People are often surprised to learn that pregnancy loss happens daily, even in “textbook” healthy, low-risk pregnancies. Miscarriages and stillbirths are differentiated by time. Miscarriages occur when babies die before 20 weeks of gestation while stillbirths are classified when babies die at 20 weeks gestation or later.

Lara, like many other mothers who lose their baby in the second trimester, does not like her loss referred to as a “miscarriage” since it happened before 20 weeks but after 13 weeks. Lara explains how many people diminish the loss when hearing the word “miscarriage,” owing to their pre-conceived ideas that at that point the baby is only a “sack of cells.” This is not the case in the second trimester. Lara delivered her son who was fully formed and the size of an adult’s hand.

In the U.S., nearly 24,000 babies are stillborn every year. According to Samantha Banerjee in The Washington Post, citing the Centers for Disease and Prevention (CDC), “Stillbirth claims more children’s lives in the United States each year than preterm birth, sudden infant death syndrome, car accidents, drowning, guns, flu, fire, poison, and (the reason no pregnant person is allowed to enjoy a deli sandwich) listeria — combined.”

In the U.S., the racial disparities in the numbers are stark. According to a 2020 CDC study, “Black mothers are more than twice as likely to experience stillbirth compared to Hispanic and white mothers.” Pregnancy loss is just one in a long list of adverse outcomes that are higher for women of color around pregnancy, childbirth, maternal health, and infant and maternal mortality. And research indicates that better medical care before conception, during pregnancy, and during labor is linked to lower pregnancy loss rates.

At the same time, there are countless women like Lara who lose their babies without explanation. Even after numerous tests, Lara may never know why she lost her Jack, which is another layer of trauma on top of so many others, including the silence and stigma that surround pregnancy loss and makes it so difficult to discuss.

“Post-traumatic stress disorder (PTSD) from the trauma and grief of losing a child is not a formal diagnosis, but should be,” says Tamar Rodney, PhD, assistant professor, Johns Hopkins School of Nursing. “From the moment a woman finds out she is pregnant, she is emotionally attached.

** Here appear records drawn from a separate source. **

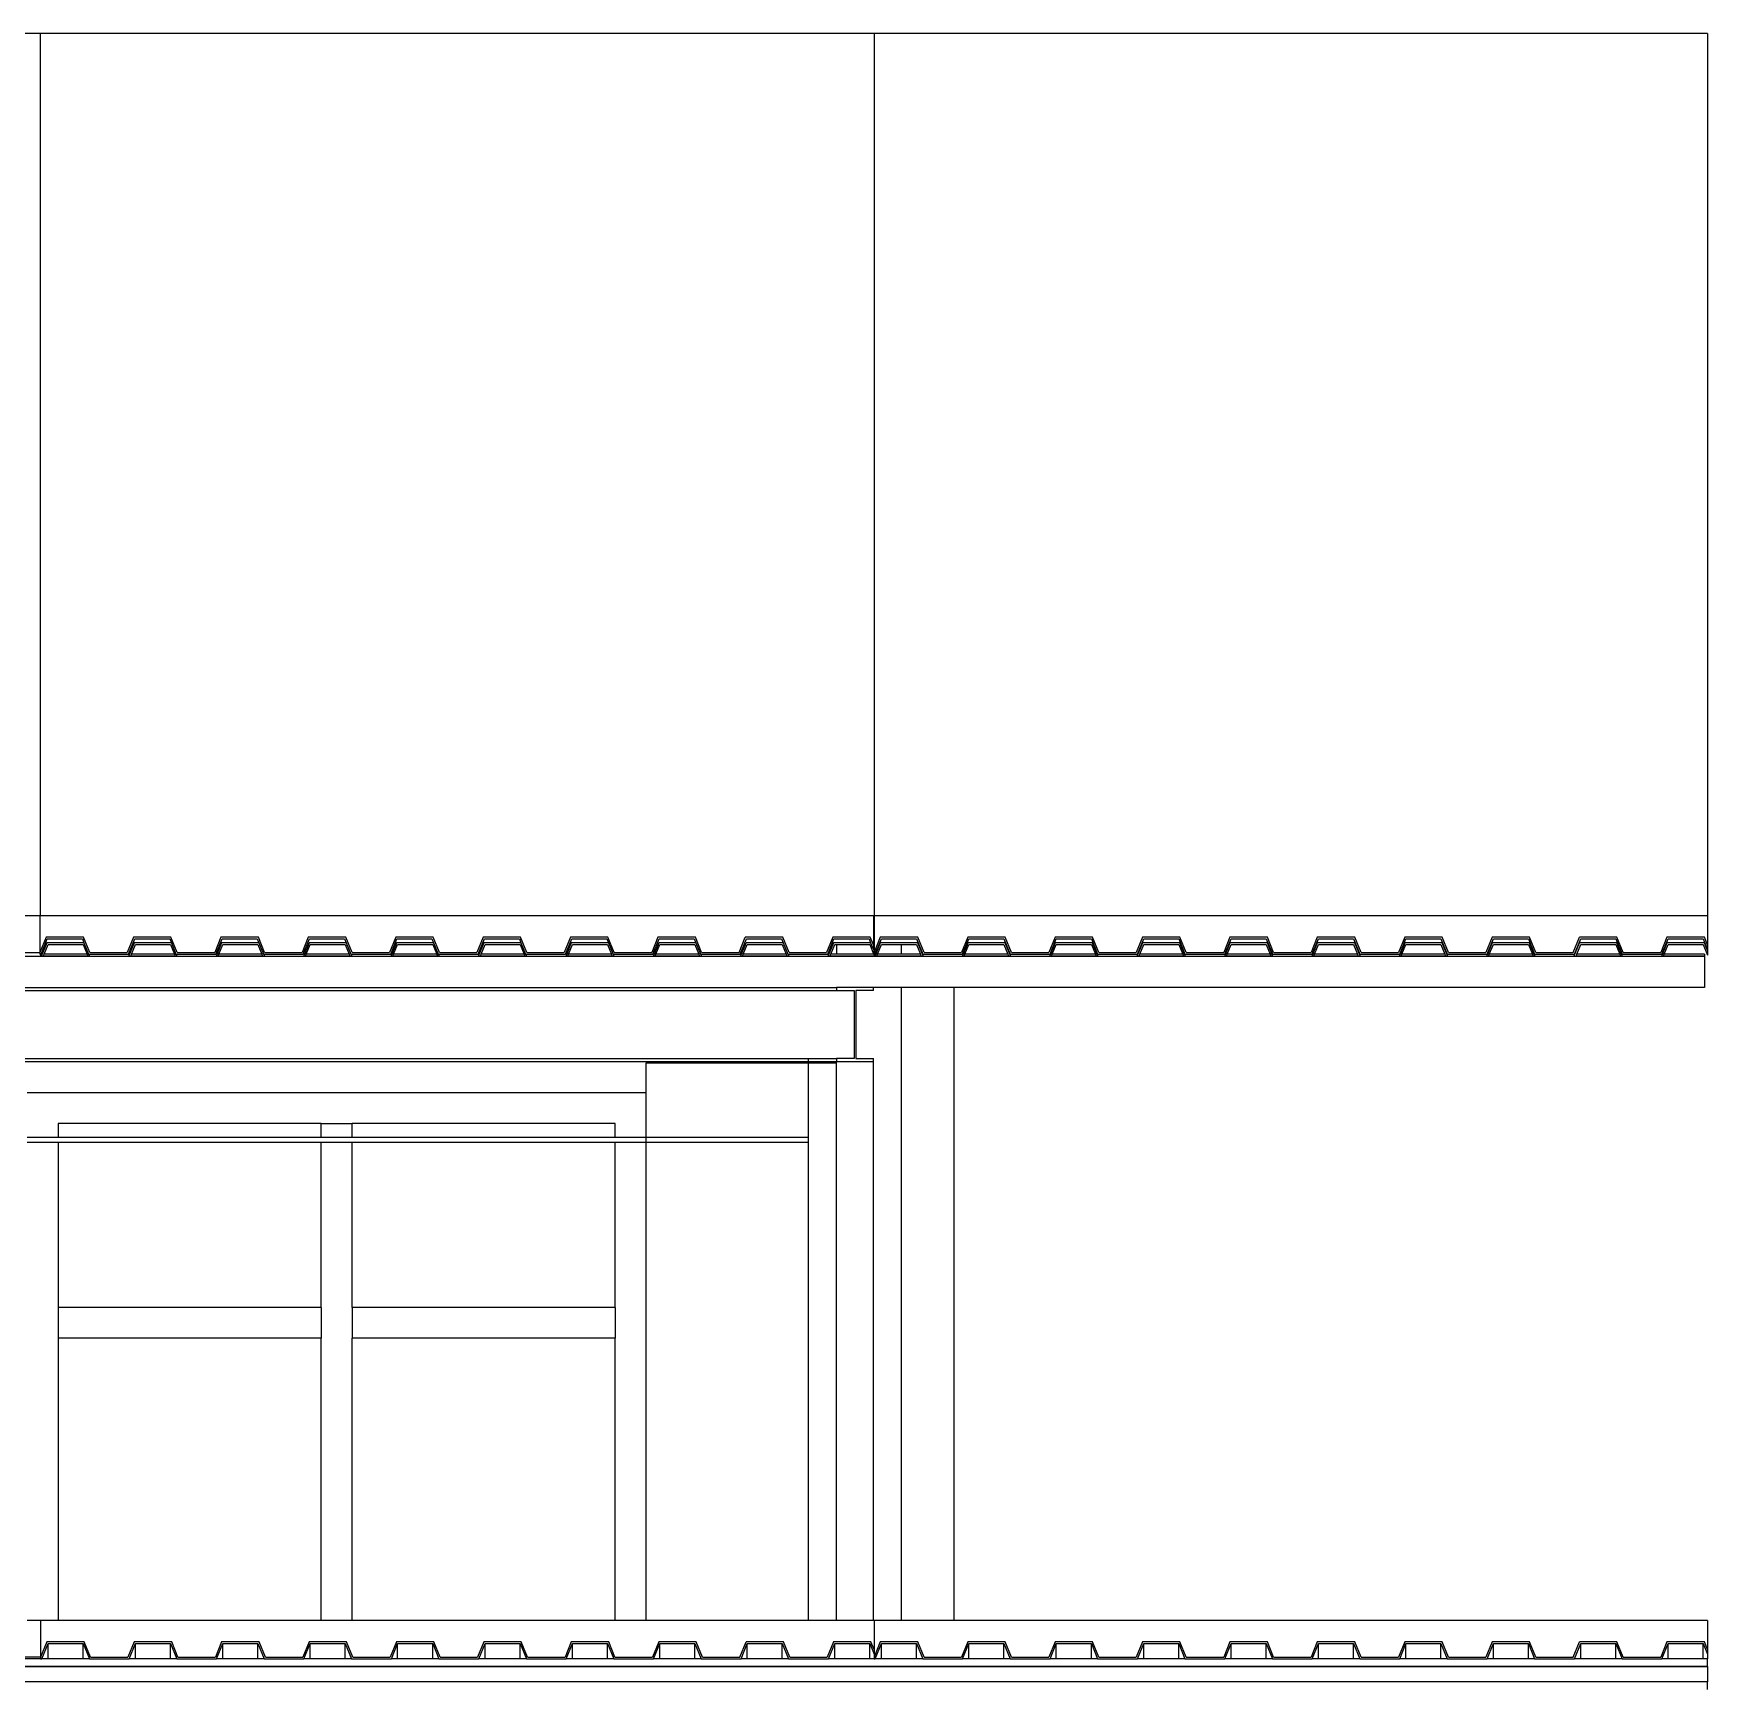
# Model space of a CAD drawing. Extents: x -92 to 92, y -11 to 21.
# Drawn here: x 55.13 to 60.54, y 10.19 to 15.53 of the extents above; entities that cross this region are included whole.
import ezdxf

# ---------------------------------------------------------------- set-up
doc = ezdxf.new("R2010")
doc.units = 0
doc.layers.get('0').update_dxf_attribs({"linetype": 'CONTINUOUS'})

msp = doc.modelspace()

# ---------------------------------------------------------------- linework, layer by layer
for p, q in [((55.1499, 15.5315), (52.0433, 15.5315)), ((55.1499, 12.6806), (55.1499, 15.5315)), ((57.8429, 15.5315), (55.1499, 15.5315)), ((60.5359, 15.5315), (57.8429, 15.5315)), ((57.8429, 15.5315), (57.8429, 12.6806)), ((60.5359, 15.5315), (60.5359, 12.6806)), ((52.0433, 12.6806), (55.1475, 12.6806)), ((55.1475, 12.6806), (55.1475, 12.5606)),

Who will this baby be? What will he or she be like? What wonderful changes will this child bring to my life, to the world?

“During pregnancy, a mother celebrates the journey with family and friends — think baby names, baby showers, nurseries, tiny clothes … smiles from strangers and proud hands on an ever-expanding belly. The journey of being pregnant is both personal and public. So, what should be one of the most magical experiences shared with family, friends, and colleagues becomes one of private emotional and physical trauma in a closed room, an experience that is then often not acknowledged nor spoken about. The mother returns home still looking pregnant, her hormones still acting as if she is pregnant, but her arms and heart are empty.”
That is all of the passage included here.